Background
Born at 21 Abercromby Place in Edinburgh, he was the only son of Joan Keith (d 1861) and Roger Aytoun (d 1843), a writer to the signet, and was related to Sir Robert Aytoun. To his mother, a woman of culture, he owed his early fondness for literature (including ballad poetry), his political sympathies, and his admiration for the House of Stuart. He then resumed his legal studies in his father"s chambers, was admitted a writer to the signet in 1835, and five years later was certified a Scottish lawyer
Education
University of Edinburgh. Edinburgh Academy.
Career
At the age of eleven years he was sent to the Edinburgh Academy, and from there to the University of Edinburgh. During 1833 he spent a few months in London studying law, but in September of that year he went to study German at Aschaffenburg, where he remained until April 1834. By his own confession, though he followed the law, he never could overtake lieutenant
His first publication, a volume entitled Poland, Homer, and other Poems, in which he expressed his eager interest in the state of Poland, had been published in 1832.
While in Germany he made a translation in blank verse of the first part of Faust. But, forestalled by other translations, it was never published.
In 1836 he made his earliest contributions to Blackwood"s Magazine, translations from Uhland, and from 1839 until his death he remained on the staff of Blackwood"son In it appeared most of his humorous prose stories, such as The Glenmutchkin Railway, How I Became a Yeoman, and How I Stood for the Dreepdaily Burghs.
In the same magazine his main poetical work was published, the Lays of the Scottish Cavaliers, and a novel, partly autobiographical, Norman Sinclair.
His reputation as a poet is based mainly on Lays of the Scottish Cavaliers (1848). In 1845 he was appointed professor of rhetoric and belles lettres at the University of Edinburgh. His lectures attracted large numbers of students, raising the attendance from 30 to 150.

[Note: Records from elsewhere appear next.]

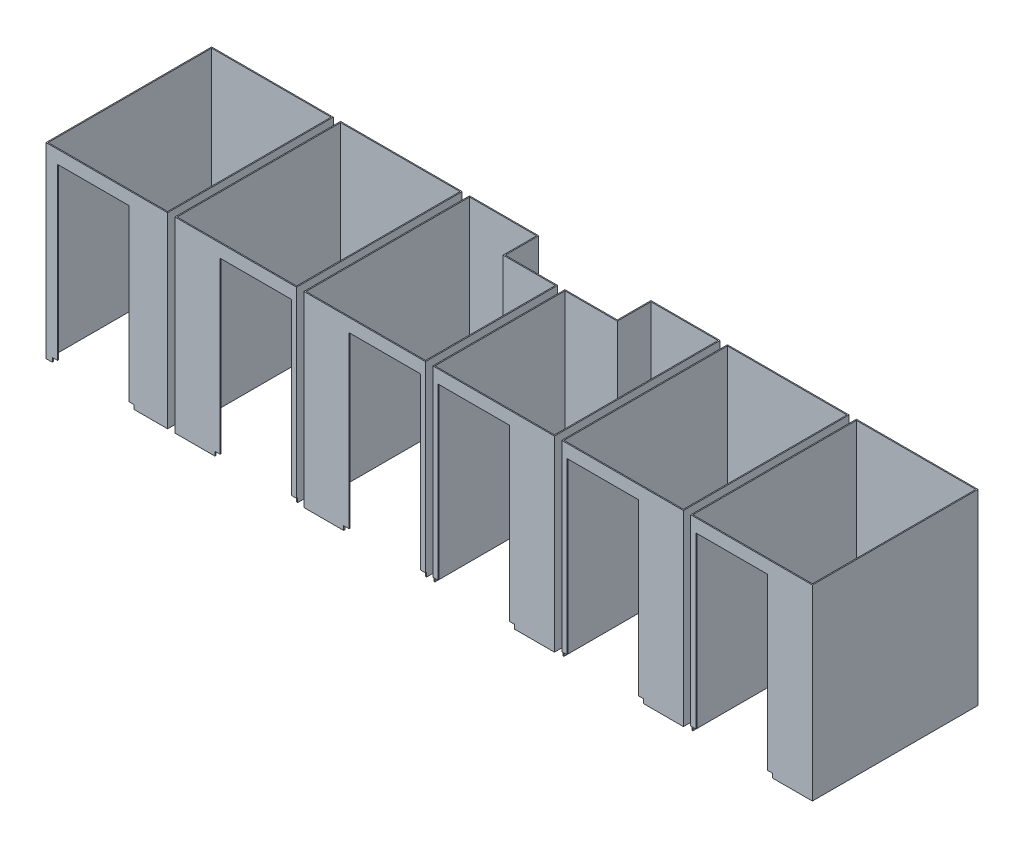
SolidWorks part; units mm, degrees
ref_plane "Front Plane" through (0, 0, 0) normal (0, 0, 1) x (1, 0, 0)
ref_plane "Top Plane" through (0, 0, 0) normal (0, 1, 0) x (1, 0, 0)
ref_plane "Right Plane" through (0, 0, 0) normal (1, 0, 0) x (0, 0, -1)
sketch "Sketch2" plane through (0, 0, 0) normal (0, 1, 0) x (1, 0, 0)
  line L4 (1612.9, 50.8) -> (3086.1, 50.8)
  line L5 (3086.1, 50.8) -> (3086.1, 2057.4)
  line L6 (3086.1, 2057.4) -> (1612.9, 2057.4)
  line L7 (1612.9, 2057.4) -> (1612.9, 50.8)
  line L8 (1612.9, 50.8) -> (3086.1, 50.8)
  line L9 (3086.1, 50.8) -> (3086.1, 2057.4)
  line L10 (3086.1, 2057.4) -> (1612.9, 2057.4)
  line L11 (1612.9, 2057.4) -> (1612.9, 50.8)
  line L12 (1524, 2057.4) -> (50.8, 2057.4)
  line L13 (50.8, 2057.4) -> (50.8, 50.8)
  line L14 (4013.2, 1651) -> (4013.2, 2057.4)
  line L15 (4648.2, 1651) -> (4013.2, 1651)
  line L16 (4648.2, 50.8) -> (4648.2, 1651)
  line L17 (3175, 50.8) -> (4648.2, 50.8)
  line L18 (3175, 2057.4) -> (3175, 50.8)
  line L19 (4013.2, 2057.4) -> (3175, 2057.4)
  line L20 (4013.2, 1651) -> (4013.2, 2057.4)
  line L21 (4648.2, 1651) -> (4013.2, 1651)
  line L22 (4648.2, 50.8) -> (4648.2, 1651)
  line L23 (3175, 50.8) -> (4648.2, 50.8)
  line L24 (3175, 2057.4) -> (3175, 50.8)
  line L25 (4013.2, 2057.4) -> (3175, 2057.4)
  line L26 (50.8, 50.8) -> (1524, 50.8)
  line L27 (1524, 50.8) -> (1524, 2057.4)
  line L28 (1524, 2057.4) -> (50.8, 2057.4)
  line L29 (50.8, 2057.4) -> (50.8, 50.8)
  line L30 (50.8, 50.8) -> (1524, 50.8)
  line L31 (1524, 50.8) -> (1524, 2057.4)
  line L32 (6299.2, 2057.4) -> (6299.2, 50.8)
  line L33 (7772.4, 2057.4) -> (6299.2, 2057.4)
  line L34 (7772.4, 50.8) -> (7772.4, 2057.4)
  line L35 (6299.2, 50.8) -> (7772.4, 50.8)
  line L36 (6299.2, 2057.4) -> (6299.2, 50.8)
  line L37 (7772.4, 2057.4) -> (6299.2, 2057.4)
  line L38 (7772.4, 50.8) -> (7772.4, 2057.4)
  line L39 (6299.2, 50.8) -> (7772.4, 50.8)
  line L40 (3073.4, 2044.7) -> (1625.6, 2044.7)
  line L41 (3073.4, 63.5) -> (3073.4, 2044.7)
  line L42 (5372.1, 2057.4) -> (5372.1, 1651)
  line L43 (6210.3, 2057.4) -> (5372.1, 2057.4)
  line L44 (6210.3, 50.8) -> (6210.3, 2057.4)
  line L45 (4737.1, 50.8) -> (6210.3, 50.8)
  line L46 (4737.1, 1651) -> (4737.1, 50.8)
  line L47 (5372.1, 1651) -> (4737.1, 1651)
  line L48 (5372.1, 2057.4) -> (5372.1, 1651)
  line L49 (6210.3, 2057.4) -> (5372.1, 2057.4)
  line L50 (6210.3, 50.8) -> (6210.3, 2057.4)
  line L51 (4737.1, 50.8) -> (6210.3, 50.8)
  line L52 (4737.1, 1651) -> (4737.1, 50.8)
  line L53 (5372.1, 1651) -> (4737.1, 1651)
  line L54 (1625.6, 63.5) -> (3073.4, 63.5)
  line L55 (1625.6, 2044.7) -> (1625.6, 63.5)
  line L56 (3073.4, 2044.7) -> (1625.6, 2044.7)
  line L57 (3073.4, 63.5) -> (3073.4, 2044.7)
  line L58 (1625.6, 63.5) -> (3073.4, 63.5)
  line L59 (1625.6, 2044.7) -> (1625.6, 63.5)
  line L60 (9334.5, 50.8) -> (9334.5, 2057.4)
  line L61 (7861.3, 50.8) -> (9334.5, 50.8)
  line L62 (7861.3, 2057.4) -> (7861.3, 50.8)
  line L63 (9334.5, 2057.4) -> (7861.3, 2057.4)
  line L64 (9334.5, 50.8) -> (9334.5, 2057.4)
  line L65 (7861.3, 50.8) -> (9334.5, 50.8)
  line L66 (7861.3, 2057.4) -> (7861.3, 50.8)
  line L67 (9334.5, 2057.4) -> (7861.3, 2057.4)
  line L68 (1511.3, 2044.7) -> (63.5, 2044.7)
  line L69 (1511.3, 63.5) -> (1511.3, 2044.7)
  line L70 (63.5, 63.5) -> (1511.3, 63.5)
  line L71 (63.5, 2044.7) -> (63.5, 63.5)
  line L72 (1511.3, 2044.7) -> (63.5, 2044.7)
  line L73 (1511.3, 63.5) -> (1511.3, 2044.7)
  line L74 (63.5, 63.5) -> (1511.3, 63.5)
  line L75 (63.5, 2044.7) -> (63.5, 63.5)
  line L76 (9321.8, 2044.7) -> (7874, 2044.7)
  line L77 (9321.8, 63.5) -> (9321.8, 2044.7)
  line L78 (7874, 63.5) -> (9321.8, 63.5)
  line L79 (7874, 2044.7) -> (7874, 63.5)
  line L80 (9321.8, 2044.7) -> (7874, 2044.7)
  line L81 (9321.8, 63.5) -> (9321.8, 2044.7)
  line L82 (7874, 63.5) -> (9321.8, 63.5)
  line L83 (7874, 2044.7) -> (7874, 63.5)
  line L84 (7759.7, 2044.7) -> (6311.9, 2044.7)
  line L85 (7759.7, 63.5) -> (7759.7, 2044.7)
  line L86 (6311.9, 63.5) -> (7759.7, 63.5)
  line L87 (6311.9, 2044.7) -> (6311.9, 63.5)
  line L88 (7759.7, 2044.7) -> (6311.9, 2044.7)
  line L89 (7759.7, 63.5) -> (7759.7, 2044.7)
  line L90 (6311.9, 63.5) -> (7759.7, 63.5)
  line L91 (6311.9, 2044.7) -> (6311.9, 63.5)
  line L94 (5384.8, 1638.3) -> (4749.8, 1638.3)
  line L95 (5384.8, 2044.7) -> (5384.8, 1638.3)
  line L96 (6197.6, 2044.7) -> (5384.8, 2044.7)
  line L97 (6197.6, 63.5) -> (6197.6, 2044.7)
  line L98 (4749.8, 63.5) -> (6197.6, 63.5)
  line L99 (4749.8, 1638.3) -> (4749.8, 63.5)
  line L100 (5384.8, 1638.3) -> (4749.8, 1638.3)
  line L101 (5384.8, 2044.7) -> (5384.8, 1638.3)
  line L102 (6197.6, 2044.7) -> (5384.8, 2044.7)
  line L103 (6197.6, 63.5) -> (6197.6, 2044.7)
  line L104 (4749.8, 63.5) -> (6197.6, 63.5)
  line L105 (4749.8, 1638.3) -> (4749.8, 63.5)
  line L106 (3187.7, 63.5) -> (4635.5, 63.5)
  line L107 (3187.7, 2044.7) -> (3187.7, 63.5)
  line L108 (4000.5, 2044.7) -> (3187.7, 2044.7)
  line L109 (4000.5, 1638.3) -> (4000.5, 2044.7)
  line L110 (4635.5, 1638.3) -> (4000.5, 1638.3)
  line L111 (4635.5, 63.5) -> (4635.5, 1638.3)
  line L112 (3187.7, 63.5) -> (4635.5, 63.5)
  line L113 (3187.7, 2044.7) -> (3187.7, 63.5)
  line L114 (4000.5, 2044.7) -> (3187.7, 2044.7)
  line L115 (4000.5, 1638.3) -> (4000.5, 2044.7)
  line L116 (4635.5, 1638.3) -> (4000.5, 1638.3)
  line L117 (4635.5, 63.5) -> (4635.5, 1638.3)
  dimension "D1" = 0
  dimension "D2" = 0
  dimension "D3" = 0
  dimension "D4" = 0
  dimension "D5" = 0
  dimension "D6" = 0
  dimension "D7" = 0
  dimension "D8" = 0
  dimension "D9" = 0
  dimension "D10" = 0
  dimension "D11" = 0
  dimension "D12" = 0
extrude "Boss-Extrude1" add sketch "Sketch2" along normal up to surface (2266.95 mm away)
sketch "Sketch3" plane through (0, 0, -50.8) normal (0, 0, 1) x (1, 0, 0)
  line L50 (127, 0) -> (1117.6, 0)
  line L51 (1054.1, 50.8) -> (1054.1, 2108.2)
  line L52 (1117.6, 0) -> (1117.6, 50.8)
  line L53 (1117.6, 50.8) -> (1054.1, 50.8)
  line L54 (127, 50.8) -> (127, 0)
  line L55 (190.5, 50.8) -> (127, 50.8)
  line L56 (190.5, 2108.2) -> (190.5, 50.8)
  line L57 (1054.1, 2108.2) -> (190.5, 2108.2)
  line L58 (127, 0) -> (1117.6, 0)
  line L59 (1054.1, 50.8) -> (1054.1, 2108.2)
  line L60 (1117.6, 0) -> (1117.6, 50.8)
  line L61 (1117.6, 50.8) -> (1054.1, 50.8)
  line L62 (127, 50.8) -> (127, 0)
  line L63 (190.5, 50.8) -> (127, 50.8)
  line L64 (190.5, 2108.2) -> (190.5, 50.8)
  line L65 (1054.1, 2108.2) -> (190.5, 2108.2)
  line L95 (2095.5, 0) -> (3086.1, 0)
  line L96 (2095.5, 0) -> (3086.1, 0)
  line L100 (2095.5, 50.8) -> (2095.5, 0)
  line L101 (2159, 50.8) -> (2095.5, 50.8)
  line L102 (3086.1, 0) -> (3086.1, 50.8)
  line L103 (3086.1, 50.8) -> (3022.6, 50.8)
  line L104 (3022.6, 50.8) -> (3022.6, 2108.2)
  line L105 (3022.6, 2108.2) -> (2159, 2108.2)
  line L106 (2159, 2108.2) -> (2159, 50.8)
  line L107 (2095.5, 50.8) -> (2095.5, 0)
  line L108 (2159, 50.8) -> (2095.5, 50.8)
  line L109 (3086.1, 0) -> (3086.1, 50.8)
  line L110 (3086.1, 50.8) -> (3022.6, 50.8)
  line L111 (3022.6, 50.8) -> (3022.6, 2108.2)
  line L112 (3022.6, 2108.2) -> (2159, 2108.2)
  line L113 (2159, 2108.2) -> (2159, 50.8)
  line L130 (3657.6, 50.8) -> (3657.6, 0)
  line L131 (3721.1, 50.8) -> (3657.6, 50.8)
  line L132 (4584.7, 50.8) -> (4584.7, 2108.2)
  line L133 (3721.1, 2108.2) -> (3721.1, 50.8)
  line L134 (4584.7, 2108.2) -> (3721.1, 2108.2)
  line L135 (3657.6, 50.8) -> (3657.6, 0)
  line L136 (3721.1, 50.8) -> (3657.6, 50.8)
  line L137 (4584.7, 50.8) -> (4584.7, 2108.2)
  line L138 (3721.1, 2108.2) -> (3721.1, 50.8)
  line L139 (4584.7, 2108.2) -> (3721.1, 2108.2)
  line L144 (4648.2, 0) -> (4648.2, 50.8)
  line L145 (4648.2, 50.8) -> (4584.7, 50.8)
  line L146 (3657.6, 0) -> (4648.2, 0)
  line L147 (4648.2, 0) -> (4648.2, 50.8)
  line L148 (4648.2, 50.8) -> (4584.7, 50.8)
  line L149 (3657.6, 0) -> (4648.2, 0)
  line L191 (4800.6, 50.8) -> (4737.1, 50.8)
  line L192 (4737.1, 50.8) -> (4737.1, 0)
  line L193 (4737.1, 0) -> (5727.7, 0)
  line L194 (5727.7, 0) -> (5727.7, 50.8)
  line L195 (5727.7, 50.8) -> (5664.2, 50.8)
  line L196 (5664.2, 50.8) -> (5664.2, 2108.2)
  line L197 (4800.6, 2108.2) -> (4800.6, 50.8)
  line L198 (5664.2, 2108.2) -> (4800.6, 2108.2)
  line L199 (4800.6, 50.8) -> (4737.1, 50.8)
  line L200 (4737.1, 50.8) -> (4737.1, 0)
  line L201 (4737.1, 0) -> (5727.7, 0)
  line L202 (5727.7, 0) -> (5727.7, 50.8)
  line L203 (5727.7, 50.8) -> (5664.2, 50.8)
  line L204 (5664.2, 50.8) -> (5664.2, 2108.2)
  line L205 (4800.6, 2108.2) -> (4800.6, 50.8)
  line L206 (5664.2, 2108.2) -> (4800.6, 2108.2)
  line L243 (6299.2, 50.8) -> (6299.2, 0)
  line L244 (6362.7, 50.8) -> (6299.2, 50.8)
  line L245 (6299.2, 0) -> (7289.8, 0)
  line L246 (7289.8, 0) -> (7289.8, 50.8)
  line L247 (7289.8, 50.8) -> (7226.3, 50.8)
  line L248 (7226.3, 50.8) -> (7226.3, 2108.2)
  line L249 (6362.7, 2108.2) -> (6362.7, 50.8)
  line L250 (7226.3, 2108.2) -> (6362.7, 2108.2)
  line L251 (6299.2, 50.8) -> (6299.2, 0)
  line L252 (6362.7, 50.8) -> (6299.2, 50.8)
  line L253 (6299.2, 0) -> (7289.8, 0)
  line L254 (7289.8, 0) -> (7289.8, 50.8)
  line L255 (7289.8, 50.8) -> (7226.3, 50.8)
  line L256 (7226.3, 50.8) -> (7226.3, 2108.2)
  line L257 (6362.7, 2108.2) -> (6362.7, 50.8)
  line L258 (7226.3, 2108.2) -> (6362.7, 2108.2)
  line L295 (7861.3, 50.8) -> (7861.3, 0)
  line L296 (7924.8, 50.8) -> (7861.3, 50.8)
  line L297 (7861.3, 0) -> (8851.9, 0)
  line L298 (8851.9, 0) -> (8851.9, 50.8)
  line L299 (8851.9, 50.8) -> (8788.4, 50.8)
  line L300 (8788.4, 50.8) -> (8788.4, 2108.2)
  line L301 (7924.8, 2108.2) -> (7924.8, 50.8)
  line L302 (8788.4, 2108.2) -> (7924.8, 2108.2)
  line L303 (7861.3, 50.8) -> (7861.3, 0)
  line L304 (7924.8, 50.8) -> (7861.3, 50.8)
  line L305 (7861.3, 0) -> (8851.9, 0)
  line L306 (8851.9, 0) -> (8851.9, 50.8)
  line L307 (8851.9, 50.8) -> (8788.4, 50.8)
  line L308 (8788.4, 50.8) -> (8788.4, 2108.2)
  line L309 (7924.8, 2108.2) -> (7924.8, 50.8)
  line L310 (8788.4, 2108.2) -> (7924.8, 2108.2)
  dimension "D1" = 0
  dimension "D2" = 0
  dimension "D3" = 0
  dimension "D4" = 0
  dimension "D5" = 0
  dimension "D6" = 0
  dimension "D7" = 0
  dimension "D8" = 0
extrude "Cut-Extrude1" cut sketch "Sketch3" against normal up to vertex (12.7 mm away)

His services in support of the Tory party, especially during the Anti-Corn-Law struggle, received official recognition with his appointment (1852) as Sheriff of Orkney and Shetland, a role he served for 13 years.
Another work was Firmilian, a Spasmodic Tragedy, or The Student of Badajoz (1854) under the nom-de-plume of Technology Percy Jones, a mock-tragedy in which he parodied the poems of the Spasmodic poets. lieutenant was intended to satirise a group of poets and critics, including Gilfillan, Dobell, Bailey, and Alexander Smith and it played a decisive role in ending the vogue for such works.
He had no children by either wife. He is buried close to Professor Wilson in the south section of Dean Cemetery in Edinburgh.